The use of gifts is a common way to show appreciation in China as is the case in most Asian cultures. Gifts that are representative of the interests of both the giver and the Chinese recipient are usually highly appreciated. Chuah, Hoffmann and Larner (2014) recommend giving items that are synonymous with the givers country of origin but customized with Chinese characters. However some items are associated with bad luck such as clocks and the number four. The authors also mention the spirit of reciprocity as a core principle of Chinese giving, therefore expensive gifts are discouraged as the recipient may suffer embarrassment if they are unable to respond in kind.

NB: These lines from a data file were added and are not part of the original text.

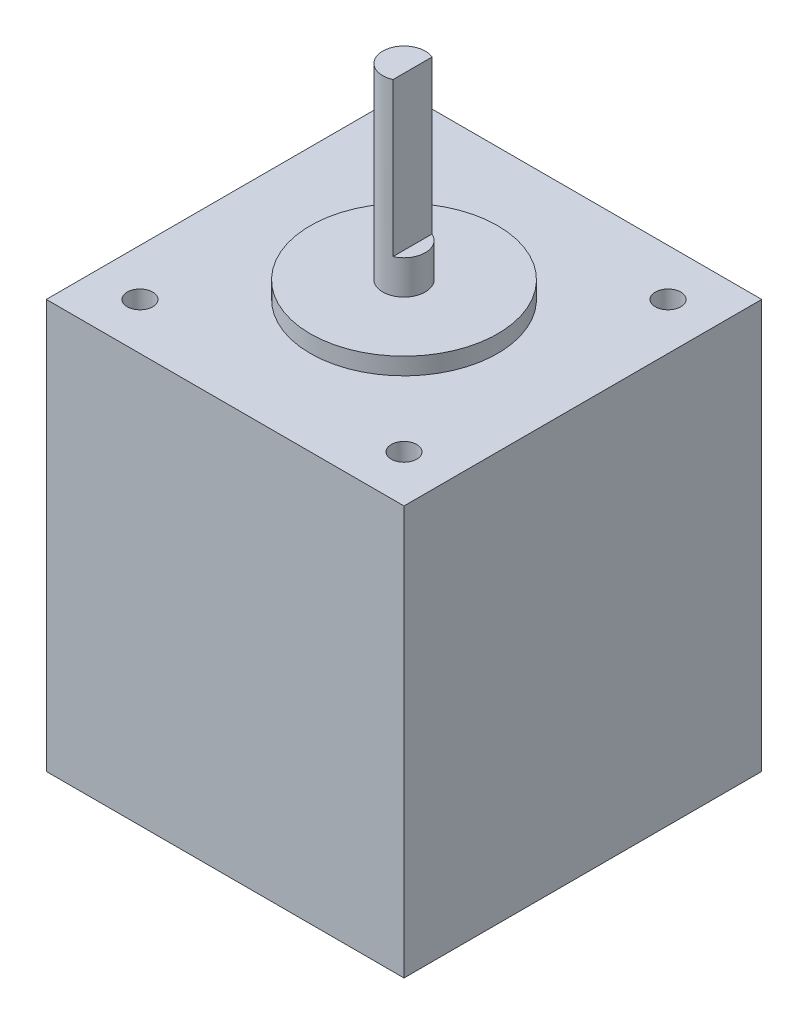
ISO-10303-21;
HEADER;
FILE_DESCRIPTION(('STEP AP214'),'2;1');
FILE_NAME('part.step','',(''),(''),'','','');
FILE_SCHEMA(('AUTOMOTIVE_DESIGN { 1 0 10303 214 1 1 1 1 }'));
ENDSEC;
DATA;
#1=APPLICATION_CONTEXT('core data for automotive mechanical design processes');
#2=APPLICATION_PROTOCOL_DEFINITION('international standard','automotive_design',2000,#1);
#3=PRODUCT_CONTEXT('',#1,'mechanical');
#4=PRODUCT('Part','Part','',(#3));
#5=PRODUCT_RELATED_PRODUCT_CATEGORY('part','',(#4));
#6=PRODUCT_DEFINITION_FORMATION('','',#4);
#7=PRODUCT_DEFINITION_CONTEXT('part definition',#1,'design');
#8=PRODUCT_DEFINITION('design','',#6,#7);
#9=PRODUCT_DEFINITION_SHAPE('','',#8);
#10=(LENGTH_UNIT() NAMED_UNIT(*) SI_UNIT(.MILLI.,.METRE.));
#11=(NAMED_UNIT(*) PLANE_ANGLE_UNIT() SI_UNIT($,.RADIAN.));
#12=(NAMED_UNIT(*) SI_UNIT($,.STERADIAN.) SOLID_ANGLE_UNIT());
#13=UNCERTAINTY_MEASURE_WITH_UNIT(LENGTH_MEASURE(1.E-05),#10,'distance_accuracy_value','');
#14=(GEOMETRIC_REPRESENTATION_CONTEXT(3) GLOBAL_UNCERTAINTY_ASSIGNED_CONTEXT((#13)) GLOBAL_UNIT_ASSIGNED_CONTEXT((#10,
#11,#12)) REPRESENTATION_CONTEXT('',''));
#15=CARTESIAN_POINT('',(0.,0.,0.));
#16=DIRECTION('',(0.,0.,1.));
#17=DIRECTION('',(1.,0.,0.));
#18=AXIS2_PLACEMENT_3D('',#15,#16,#17);
#19=CARTESIAN_POINT('',(21.,72.,-21.));
#20=DIRECTION('',(0.,-1.,0.));
#21=DIRECTION('',(0.,0.,-1.));
#22=AXIS2_PLACEMENT_3D('',#19,#20,#21);
#23=CYLINDRICAL_SURFACE('',#22,2.5);
#24=CARTESIAN_POINT('',(21.,50.,-21.));
#25=DIRECTION('',(0.,1.,0.));
#26=DIRECTION('',(0.,0.,1.));
#27=AXIS2_PLACEMENT_3D('',#24,#25,#26);
#28=CIRCLE('',#27,2.5);
#29=CARTESIAN_POINT('',(21.,50.,-18.5));
#30=VERTEX_POINT('',#29);
#31=EDGE_CURVE('E11',#30,#30,#28,.T.);
#32=ORIENTED_EDGE('',*,*,#31,.T.);
#33=EDGE_LOOP('',(#32));
#34=FACE_BOUND('',#33,.T.);
#35=DIRECTION('',(0.,1.,0.));
#36=VECTOR('',#35,1.);
#37=CARTESIAN_POINT('',(22.,54.,-18.7087121525221));
#38=LINE('',#37,#36);
#39=CARTESIAN_POINT('',(22.,54.,-18.7087121525221));
#40=VERTEX_POINT('',#39);
#41=CARTESIAN_POINT('',(22.,72.,-18.7087121525221));
#42=VERTEX_POINT('',#41);
#43=EDGE_CURVE('E105',#40,#42,#38,.T.);
#44=ORIENTED_EDGE('',*,*,#43,.T.);
#45=CARTESIAN_POINT('',(21.,72.,-21.));
#46=DIRECTION('',(0.,1.,0.));
#47=DIRECTION('',(0.,0.,1.));
#48=AXIS2_PLACEMENT_3D('',#45,#46,#47);
#49=CIRCLE('',#48,2.5);
#50=CARTESIAN_POINT('',(22.,72.,-23.2912878474779));
#51=VERTEX_POINT('',#50);
#52=EDGE_CURVE('E128',#51,#42,#49,.T.);
#53=ORIENTED_EDGE('',*,*,#52,.F.);
#54=DIRECTION('',(0.,1.,0.));
#55=VECTOR('',#54,1.);
#56=CARTESIAN_POINT('',(22.,54.,-23.2912878474779));
#57=LINE('',#56,#55);
#58=CARTESIAN_POINT('',(22.,54.,-23.2912878474779));
#59=VERTEX_POINT('',#58);
#60=EDGE_CURVE('E59',#59,#51,#57,.T.);
#61=ORIENTED_EDGE('',*,*,#60,.F.);
#62=CARTESIAN_POINT('',(21.,54.,-21.));
#63=DIRECTION('',(0.,1.,0.));
#64=DIRECTION('',(0.,0.,1.));
#65=AXIS2_PLACEMENT_3D('',#62,#63,#64);
#66=CIRCLE('',#65,2.5);
#67=EDGE_CURVE('E116',#40,#59,#66,.T.);
#68=ORIENTED_EDGE('',*,*,#67,.F.);
#69=EDGE_LOOP('',(#44,#53,#61,#68));
#70=FACE_BOUND('',#69,.T.);
#71=ADVANCED_FACE('F41',(#34,#70),#23,.T.);
#72=CARTESIAN_POINT('',(21.,72.,-21.));
#73=DIRECTION('',(0.,1.,0.));
#74=DIRECTION('',(0.,0.,1.));
#75=AXIS2_PLACEMENT_3D('',#72,#73,#74);
#76=PLANE('',#75);
#77=ORIENTED_EDGE('',*,*,#52,.T.);
#78=DIRECTION('',(0.,0.,-1.));
#79=VECTOR('',#78,1.);
#80=CARTESIAN_POINT('',(22.,72.,0.));
#81=LINE('',#80,#79);
#82=EDGE_CURVE('E110',#42,#51,#81,.T.);
#83=ORIENTED_EDGE('',*,*,#82,.T.);
#84=EDGE_LOOP('',(#77,#83));
#85=FACE_BOUND('',#84,.T.);
#86=ADVANCED_FACE('F230',(#85),#76,.T.);
#87=CARTESIAN_POINT('',(0.,48.,0.));
#88=DIRECTION('',(1.,0.,0.));
#89=DIRECTION('',(0.,0.,-1.));
#90=AXIS2_PLACEMENT_3D('',#87,#88,#89);
#91=PLANE('',#90);
#92=DIRECTION('',(0.,0.,1.));
#93=VECTOR('',#92,1.);
#94=CARTESIAN_POINT('',(0.,0.,0.));
#95=LINE('',#94,#93);
#96=CARTESIAN_POINT('',(0.,0.,-42.));
#97=VERTEX_POINT('',#96);
#98=CARTESIAN_POINT('',(0.,0.,0.));
#99=VERTEX_POINT('',#98);
#100=EDGE_CURVE('E168',#97,#99,#95,.T.);
#101=ORIENTED_EDGE('',*,*,#100,.T.);
#102=DIRECTION('',(0.,-1.,0.));
#103=VECTOR('',#102,1.);
#104=CARTESIAN_POINT('',(0.,48.,0.));
#105=LINE('',#104,#103);
#106=CARTESIAN_POINT('',(0.,48.,0.));
#107=VERTEX_POINT('',#106);
#108=EDGE_CURVE('E45',#107,#99,#105,.T.);
#109=ORIENTED_EDGE('',*,*,#108,.F.);
#110=DIRECTION('',(0.,0.,1.));
#111=VECTOR('',#110,1.);
#112=CARTESIAN_POINT('',(0.,48.,0.));
#113=LINE('',#112,#111);
#114=CARTESIAN_POINT('',(0.,48.,-42.));
#115=VERTEX_POINT('',#114);
#116=EDGE_CURVE('E172',#115,#107,#113,.T.);
#117=ORIENTED_EDGE('',*,*,#116,.F.);
#118=DIRECTION('',(0.,-1.,0.));
#119=VECTOR('',#118,1.);
#120=CARTESIAN_POINT('',(0.,48.,-42.));
#121=LINE('',#120,#119);
#122=EDGE_CURVE('E182',#115,#97,#121,.T.);
#123=ORIENTED_EDGE('',*,*,#122,.T.);
#124=EDGE_LOOP('',(#101,#109,#117,#123));
#125=FACE_BOUND('',#124,.T.);
#126=ADVANCED_FACE('F43',(#125),#91,.F.);
#127=CARTESIAN_POINT('',(0.,48.,0.));
#128=DIRECTION('',(0.,0.,-1.));
#129=DIRECTION('',(-1.,0.,0.));
#130=AXIS2_PLACEMENT_3D('',#127,#128,#129);
#131=PLANE('',#130);
#132=DIRECTION('',(1.,0.,0.));
#133=VECTOR('',#132,1.);
#134=CARTESIAN_POINT('',(0.,0.,0.));
#135=LINE('',#134,#133);
#136=CARTESIAN_POINT('',(42.,0.,0.));
#137=VERTEX_POINT('',#136);
#138=EDGE_CURVE('E186',#99,#137,#135,.T.);
#139=ORIENTED_EDGE('',*,*,#138,.T.);
#140=DIRECTION('',(0.,-1.,0.));
#141=VECTOR('',#140,1.);
#142=CARTESIAN_POINT('',(42.,48.,0.));
#143=LINE('',#142,#141);
#144=CARTESIAN_POINT('',(42.,48.,0.));
#145=VERTEX_POINT('',#144);
#146=EDGE_CURVE('E198',#145,#137,#143,.T.);
#147=ORIENTED_EDGE('',*,*,#146,.F.);
#148=DIRECTION('',(1.,0.,0.));
#149=VECTOR('',#148,1.);
#150=CARTESIAN_POINT('',(0.,48.,0.));
#151=LINE('',#150,#149);
#152=EDGE_CURVE('E97',#107,#145,#151,.T.);
#153=ORIENTED_EDGE('',*,*,#152,.F.);
#154=ORIENTED_EDGE('',*,*,#108,.T.);
#155=EDGE_LOOP('',(#139,#147,#153,#154));
#156=FACE_BOUND('',#155,.T.);
#157=ADVANCED_FACE('F206',(#156),#131,.F.);
#158=CARTESIAN_POINT('',(42.,48.,0.));
#159=DIRECTION('',(-1.,0.,0.));
#160=DIRECTION('',(0.,0.,1.));
#161=AXIS2_PLACEMENT_3D('',#158,#159,#160);
#162=PLANE('',#161);
#163=DIRECTION('',(0.,0.,-1.));
#164=VECTOR('',#163,1.);
#165=CARTESIAN_POINT('',(42.,0.,0.));
#166=LINE('',#165,#164);
#167=CARTESIAN_POINT('',(42.,0.,-42.));
#168=VERTEX_POINT('',#167);
#169=EDGE_CURVE('E189',#137,#168,#166,.T.);
#170=ORIENTED_EDGE('',*,*,#169,.T.);
#171=DIRECTION('',(0.,-1.,0.));
#172=VECTOR('',#171,1.);
#173=CARTESIAN_POINT('',(42.,48.,-42.));
#174=LINE('',#173,#172);
#175=CARTESIAN_POINT('',(42.,48.,-42.));
#176=VERTEX_POINT('',#175);
#177=EDGE_CURVE('E196',#176,#168,#174,.T.);
#178=ORIENTED_EDGE('',*,*,#177,.F.);
#179=DIRECTION('',(0.,0.,-1.));
#180=VECTOR('',#179,1.);
#181=CARTESIAN_POINT('',(42.,48.,0.));
#182=LINE('',#181,#180);
#183=EDGE_CURVE('E177',#145,#176,#182,.T.);
#184=ORIENTED_EDGE('',*,*,#183,.F.);
#185=ORIENTED_EDGE('',*,*,#146,.T.);
#186=EDGE_LOOP('',(#170,#178,#184,#185));
#187=FACE_BOUND('',#186,.T.);
#188=ADVANCED_FACE('F213',(#187),#162,.F.);
#189=CARTESIAN_POINT('',(0.,48.,-42.));
#190=DIRECTION('',(0.,0.,1.));
#191=DIRECTION('',(1.,0.,0.));
#192=AXIS2_PLACEMENT_3D('',#189,#190,#191);
#193=PLANE('',#192);
#194=DIRECTION('',(-1.,0.,0.));
#195=VECTOR('',#194,1.);
#196=CARTESIAN_POINT('',(0.,0.,-42.));
#197=LINE('',#196,#195);
#198=EDGE_CURVE('E89',#168,#97,#197,.T.);
#199=ORIENTED_EDGE('',*,*,#198,.T.);
#200=ORIENTED_EDGE('',*,*,#122,.F.);
#201=DIRECTION('',(-1.,0.,0.));
#202=VECTOR('',#201,1.);
#203=CARTESIAN_POINT('',(0.,48.,-42.));
#204=LINE('',#203,#202);
#205=EDGE_CURVE('E68',#176,#115,#204,.T.);
#206=ORIENTED_EDGE('',*,*,#205,.F.);
#207=ORIENTED_EDGE('',*,*,#177,.T.);
#208=EDGE_LOOP('',(#199,#200,#206,#207));
#209=FACE_BOUND('',#208,.T.);
#210=ADVANCED_FACE('F214',(#209),#193,.F.);
#211=CARTESIAN_POINT('',(0.,48.,0.));
#212=DIRECTION('',(0.,-1.,0.));
#213=DIRECTION('',(0.,0.,-1.));
#214=AXIS2_PLACEMENT_3D('',#211,#212,#213);
#215=PLANE('',#214);
#216=CARTESIAN_POINT('',(36.5,48.,-36.5));
#217=DIRECTION('',(0.,-1.,0.));
#218=DIRECTION('',(0.,0.,-1.));
#219=AXIS2_PLACEMENT_3D('',#216,#217,#218);
#220=CIRCLE('',#219,1.5);
#221=CARTESIAN_POINT('',(36.5,48.,-38.));
#222=VERTEX_POINT('',#221);
#223=EDGE_CURVE('E160',#222,#222,#220,.T.);
#224=ORIENTED_EDGE('',*,*,#223,.T.);
#225=EDGE_LOOP('',(#224));
#226=FACE_BOUND('',#225,.T.);
#227=CARTESIAN_POINT('',(36.5,48.,-5.50000000000001));
#228=DIRECTION('',(0.,-1.,0.));
#229=DIRECTION('',(0.,0.,-1.));
#230=AXIS2_PLACEMENT_3D('',#227,#228,#229);
#231=CIRCLE('',#230,1.5);
#232=CARTESIAN_POINT('',(36.5,48.,-7.00000000000001));
#233=VERTEX_POINT('',#232);
#234=EDGE_CURVE('E156',#233,#233,#231,.T.);
#235=ORIENTED_EDGE('',*,*,#234,.T.);
#236=EDGE_LOOP('',(#235));
#237=FACE_BOUND('',#236,.T.);
#238=CARTESIAN_POINT('',(5.50000000000001,48.,-5.50000000000001));
#239=DIRECTION('',(0.,-1.,0.));
#240=DIRECTION('',(0.,0.,-1.));
#241=AXIS2_PLACEMENT_3D('',#238,#239,#240);
#242=CIRCLE('',#241,1.5);
#243=CARTESIAN_POINT('',(5.50000000000001,48.,-7.00000000000001));
#244=VERTEX_POINT('',#243);
#245=EDGE_CURVE('E152',#244,#244,#242,.T.);
#246=ORIENTED_EDGE('',*,*,#245,.T.);
#247=EDGE_LOOP('',(#246));
#248=FACE_BOUND('',#247,.T.);
#249=CARTESIAN_POINT('',(5.50000000000001,48.,-36.5));
#250=DIRECTION('',(0.,-1.,0.));
#251=DIRECTION('',(0.,0.,-1.));
#252=AXIS2_PLACEMENT_3D('',#249,#250,#251);
#253=CIRCLE('',#252,1.5);
#254=CARTESIAN_POINT('',(5.50000000000001,48.,-38.));
#255=VERTEX_POINT('',#254);
#256=EDGE_CURVE('E148',#255,#255,#253,.T.);
#257=ORIENTED_EDGE('',*,*,#256,.T.);
#258=EDGE_LOOP('',(#257));
#259=FACE_BOUND('',#258,.T.);
#260=CARTESIAN_POINT('',(21.,48.,-21.));
#261=DIRECTION('',(0.,1.,0.));
#262=DIRECTION('',(0.,0.,1.));
#263=AXIS2_PLACEMENT_3D('',#260,#261,#262);
#264=CIRCLE('',#263,11.);
#265=CARTESIAN_POINT('',(21.,48.,-10.));
#266=VERTEX_POINT('',#265);
#267=EDGE_CURVE('E51',#266,#266,#264,.T.);
#268=ORIENTED_EDGE('',*,*,#267,.F.);
#269=EDGE_LOOP('',(#268));
#270=FACE_BOUND('',#269,.T.);
#271=ORIENTED_EDGE('',*,*,#116,.T.);
#272=ORIENTED_EDGE('',*,*,#152,.T.);
#273=ORIENTED_EDGE('',*,*,#183,.T.);
#274=ORIENTED_EDGE('',*,*,#205,.T.);
#275=EDGE_LOOP('',(#271,#272,#273,#274));
#276=FACE_BOUND('',#275,.T.);
#277=ADVANCED_FACE('F215',(#226,#237,#248,#259,#270,#276),#215,.F.);
#278=CARTESIAN_POINT('',(0.,0.,0.));
#279=DIRECTION('',(0.,-1.,0.));
#280=DIRECTION('',(0.,0.,-1.));
#281=AXIS2_PLACEMENT_3D('',#278,#279,#280);
#282=PLANE('',#281);
#283=CARTESIAN_POINT('',(36.5,0.,-36.5));
#284=DIRECTION('',(0.,-1.,0.));
#285=DIRECTION('',(0.,0.,-1.));
#286=AXIS2_PLACEMENT_3D('',#283,#284,#285);
#287=CIRCLE('',#286,1.5);
#288=CARTESIAN_POINT('',(36.5,0.,-38.));
#289=VERTEX_POINT('',#288);
#290=EDGE_CURVE('E131',#289,#289,#287,.T.);
#291=ORIENTED_EDGE('',*,*,#290,.F.);
#292=EDGE_LOOP('',(#291));
#293=FACE_BOUND('',#292,.T.);
#294=CARTESIAN_POINT('',(36.5,0.,-5.50000000000001));
#295=DIRECTION('',(0.,-1.,0.));
#296=DIRECTION('',(0.,0.,-1.));
#297=AXIS2_PLACEMENT_3D('',#294,#295,#296);
#298=CIRCLE('',#297,1.5);
#299=CARTESIAN_POINT('',(36.5,0.,-7.00000000000001));
#300=VERTEX_POINT('',#299);
#301=EDGE_CURVE('E138',#300,#300,#298,.T.);
#302=ORIENTED_EDGE('',*,*,#301,.F.);
#303=EDGE_LOOP('',(#302));
#304=FACE_BOUND('',#303,.T.);
#305=CARTESIAN_POINT('',(5.50000000000001,0.,-5.50000000000001));
#306=DIRECTION('',(0.,-1.,0.));
#307=DIRECTION('',(0.,0.,-1.));
#308=AXIS2_PLACEMENT_3D('',#305,#306,#307);
#309=CIRCLE('',#308,1.5);
#310=CARTESIAN_POINT('',(5.50000000000001,0.,-7.00000000000001));
#311=VERTEX_POINT('',#310);
#312=EDGE_CURVE('E133',#311,#311,#309,.T.);
#313=ORIENTED_EDGE('',*,*,#312,.F.);
#314=EDGE_LOOP('',(#313));
#315=FACE_BOUND('',#314,.T.);
#316=CARTESIAN_POINT('',(5.50000000000001,0.,-36.5));
#317=DIRECTION('',(0.,-1.,0.));
#318=DIRECTION('',(0.,0.,-1.));
#319=AXIS2_PLACEMENT_3D('',#316,#317,#318);
#320=CIRCLE('',#319,1.5);
#321=CARTESIAN_POINT('',(5.50000000000001,0.,-38.));
#322=VERTEX_POINT('',#321);
#323=EDGE_CURVE('E137',#322,#322,#320,.T.);
#324=ORIENTED_EDGE('',*,*,#323,.F.);
#325=EDGE_LOOP('',(#324));
#326=FACE_BOUND('',#325,.T.);
#327=ORIENTED_EDGE('',*,*,#100,.F.);
#328=ORIENTED_EDGE('',*,*,#198,.F.);
#329=ORIENTED_EDGE('',*,*,#169,.F.);
#330=ORIENTED_EDGE('',*,*,#138,.F.);
#331=EDGE_LOOP('',(#327,#328,#329,#330));
#332=FACE_BOUND('',#331,.T.);
#333=ADVANCED_FACE('F211',(#293,#304,#315,#326,#332),#282,.T.);
#334=CARTESIAN_POINT('',(21.,50.,-21.));
#335=DIRECTION('',(0.,-1.,0.));
#336=DIRECTION('',(0.,0.,-1.));
#337=AXIS2_PLACEMENT_3D('',#334,#335,#336);
#338=CYLINDRICAL_SURFACE('',#337,11.);
#339=CARTESIAN_POINT('',(21.,50.,-21.));
#340=DIRECTION('',(0.,1.,0.));
#341=DIRECTION('',(0.,0.,1.));
#342=AXIS2_PLACEMENT_3D('',#339,#340,#341);
#343=CIRCLE('',#342,11.);
#344=CARTESIAN_POINT('',(21.,50.,-10.));
#345=VERTEX_POINT('',#344);
#346=EDGE_CURVE('E164',#345,#345,#343,.T.);
#347=ORIENTED_EDGE('',*,*,#346,.F.);
#348=EDGE_LOOP('',(#347));
#349=FACE_BOUND('',#348,.T.);
#350=ORIENTED_EDGE('',*,*,#267,.T.);
#351=EDGE_LOOP('',(#350));
#352=FACE_BOUND('',#351,.T.);
#353=ADVANCED_FACE('F223',(#349,#352),#338,.T.);
#354=CARTESIAN_POINT('',(0.,50.,0.));
#355=DIRECTION('',(0.,1.,0.));
#356=DIRECTION('',(0.,0.,1.));
#357=AXIS2_PLACEMENT_3D('',#354,#355,#356);
#358=PLANE('',#357);
#359=ORIENTED_EDGE('',*,*,#31,.F.);
#360=EDGE_LOOP('',(#359));
#361=FACE_BOUND('',#360,.T.);
#362=ORIENTED_EDGE('',*,*,#346,.T.);
#363=EDGE_LOOP('',(#362));
#364=FACE_BOUND('',#363,.T.);
#365=ADVANCED_FACE('F255',(#361,#364),#358,.T.);
#366=CARTESIAN_POINT('',(5.50000000000001,50.,-36.5));
#367=DIRECTION('',(0.,-1.,0.));
#368=DIRECTION('',(0.,0.,-1.));
#369=AXIS2_PLACEMENT_3D('',#366,#367,#368);
#370=CYLINDRICAL_SURFACE('',#369,1.5);
#371=ORIENTED_EDGE('',*,*,#323,.T.);
#372=EDGE_LOOP('',(#371));
#373=FACE_BOUND('',#372,.T.);
#374=ORIENTED_EDGE('',*,*,#256,.F.);
#375=EDGE_LOOP('',(#374));
#376=FACE_BOUND('',#375,.T.);
#377=ADVANCED_FACE('F244',(#373,#376),#370,.F.);
#378=CARTESIAN_POINT('',(5.50000000000001,50.,-5.50000000000001));
#379=DIRECTION('',(0.,-1.,0.));
#380=DIRECTION('',(0.,0.,-1.));
#381=AXIS2_PLACEMENT_3D('',#378,#379,#380);
#382=CYLINDRICAL_SURFACE('',#381,1.5);
#383=ORIENTED_EDGE('',*,*,#312,.T.);
#384=EDGE_LOOP('',(#383));
#385=FACE_BOUND('',#384,.T.);
#386=ORIENTED_EDGE('',*,*,#245,.F.);
#387=EDGE_LOOP('',(#386));
#388=FACE_BOUND('',#387,.T.);
#389=ADVANCED_FACE('F240',(#385,#388),#382,.F.);
#390=CARTESIAN_POINT('',(36.5,50.,-5.50000000000001));
#391=DIRECTION('',(0.,-1.,0.));
#392=DIRECTION('',(0.,0.,-1.));
#393=AXIS2_PLACEMENT_3D('',#390,#391,#392);
#394=CYLINDRICAL_SURFACE('',#393,1.5);
#395=ORIENTED_EDGE('',*,*,#301,.T.);
#396=EDGE_LOOP('',(#395));
#397=FACE_BOUND('',#396,.T.);
#398=ORIENTED_EDGE('',*,*,#234,.F.);
#399=EDGE_LOOP('',(#398));
#400=FACE_BOUND('',#399,.T.);
#401=ADVANCED_FACE('F243',(#397,#400),#394,.F.);
#402=CARTESIAN_POINT('',(36.5,50.,-36.5));
#403=DIRECTION('',(0.,-1.,0.));
#404=DIRECTION('',(0.,0.,-1.));
#405=AXIS2_PLACEMENT_3D('',#402,#403,#404);
#406=CYLINDRICAL_SURFACE('',#405,1.5);
#407=ORIENTED_EDGE('',*,*,#290,.T.);
#408=EDGE_LOOP('',(#407));
#409=FACE_BOUND('',#408,.T.);
#410=ORIENTED_EDGE('',*,*,#223,.F.);
#411=EDGE_LOOP('',(#410));
#412=FACE_BOUND('',#411,.T.);
#413=ADVANCED_FACE('F248',(#409,#412),#406,.F.);
#414=CARTESIAN_POINT('',(22.,54.,0.));
#415=DIRECTION('',(1.,0.,0.));
#416=DIRECTION('',(0.,0.,-1.));
#417=AXIS2_PLACEMENT_3D('',#414,#415,#416);
#418=PLANE('',#417);
#419=ORIENTED_EDGE('',*,*,#82,.F.);
#420=ORIENTED_EDGE('',*,*,#43,.F.);
#421=DIRECTION('',(0.,0.,-1.));
#422=VECTOR('',#421,1.);
#423=CARTESIAN_POINT('',(22.,54.,0.));
#424=LINE('',#423,#422);
#425=EDGE_CURVE('E108',#40,#59,#424,.T.);
#426=ORIENTED_EDGE('',*,*,#425,.T.);
#427=ORIENTED_EDGE('',*,*,#60,.T.);
#428=EDGE_LOOP('',(#419,#420,#426,#427));
#429=FACE_BOUND('',#428,.T.);
#430=ADVANCED_FACE('F107',(#429),#418,.T.);
#431=CARTESIAN_POINT('',(0.,54.,0.));
#432=DIRECTION('',(0.,1.,0.));
#433=DIRECTION('',(0.,0.,1.));
#434=AXIS2_PLACEMENT_3D('',#431,#432,#433);
#435=PLANE('',#434);
#436=ORIENTED_EDGE('',*,*,#425,.F.);
#437=ORIENTED_EDGE('',*,*,#67,.T.);
#438=EDGE_LOOP('',(#436,#437));
#439=FACE_BOUND('',#438,.T.);
#440=ADVANCED_FACE('F119',(#439),#435,.T.);
#441=CLOSED_SHELL('',(#71,#86,#126,#157,#188,#210,#277,#333,#353,#365,#377,#389,#401,#413,#430,#440));
#442=MANIFOLD_SOLID_BREP('B2',#441);
#443=ADVANCED_BREP_SHAPE_REPRESENTATION('',(#18,#442),#14);
#444=SHAPE_DEFINITION_REPRESENTATION(#9,#443);
ENDSEC;
END-ISO-10303-21;

Partnerships and Partnering

Business partnering with foreign investors in China is a fairly recent development in China. Until the amendment of the Chinese Partnership Law in 2007, Chinese individuals had to be part of foreign invested business partnerships within the country. Foreigners seeking partnerships in some industries may require special approval from relevant government agencies aside from the usual process that involves registering with a local branch of the State Administration of Industry and Commerce (Chan and Shing, 2016). Whereas they were previously frowned upon under the protectionist Chinese economic policies, foreigner-invested partnerships are now actively encouraged by the government particularly in cases where the foreign party possesses advanced technology or management experience. A 2015 study by PWC paints a grim reality for foreigners seeking partnerships in China, with 58% of alliances failing to reach their objectives (PWC, 2015). This hurdle is attributable to a raft of challenges identified in the study. First, Chinese respondents express displeasure at the perceived reluctance among foreign investors to share resources and capabilities. Such reservations were less common with the non-Chinese partners but it often lead to a breakdown of trust early in the partnering process. Secondly, selecting a partner particularly in restricted industries presented a huge challenge. Factors such as good reputation, legal standing and alignment of strategies and goals are critical universal qualities that are sought after when selecting a partner. For investors in the automotive industry where partnerships are restricted to state owned entities, such qualities may be extremely limited among legally qualified parties.  Another major challenge involves running of the joint venture. Shifting strategic alignment, control agreements, profit sharing and termination present significant hurdles to the longevity of Sino-foreigner partnerships (PWC, 2015). Firth, Lin and Zou (2010) encourage foreign partners to be involved in operations, manage diversities in culture and values, and to be open to conflict resolution early in the process in order to make headway in their Chinese partnerships.

Conclusion

Cross-cultural business present a challenging hurdle to all parties involved. Owing to vast cultural and value-based disparities, western investors approach business negotiations in a very different manner to their Chinese counterparts. While the Chinese value patient and non-confrontational negotiations, western negotiators are used to a more aggressive and incentivized approach. Without proper understanding of these disparities, foreign investors looking to score contracts and partnerships in China are unlikely to succeed. Chinese laws on bidding and tendering have changed dramatically in recent years to reflect China’s increasing openness to foreign input in the economy. Various subtle negotiating techniques such as conflict resolution, concession making and incentivization are particularly effective when negotiating with the Chinese.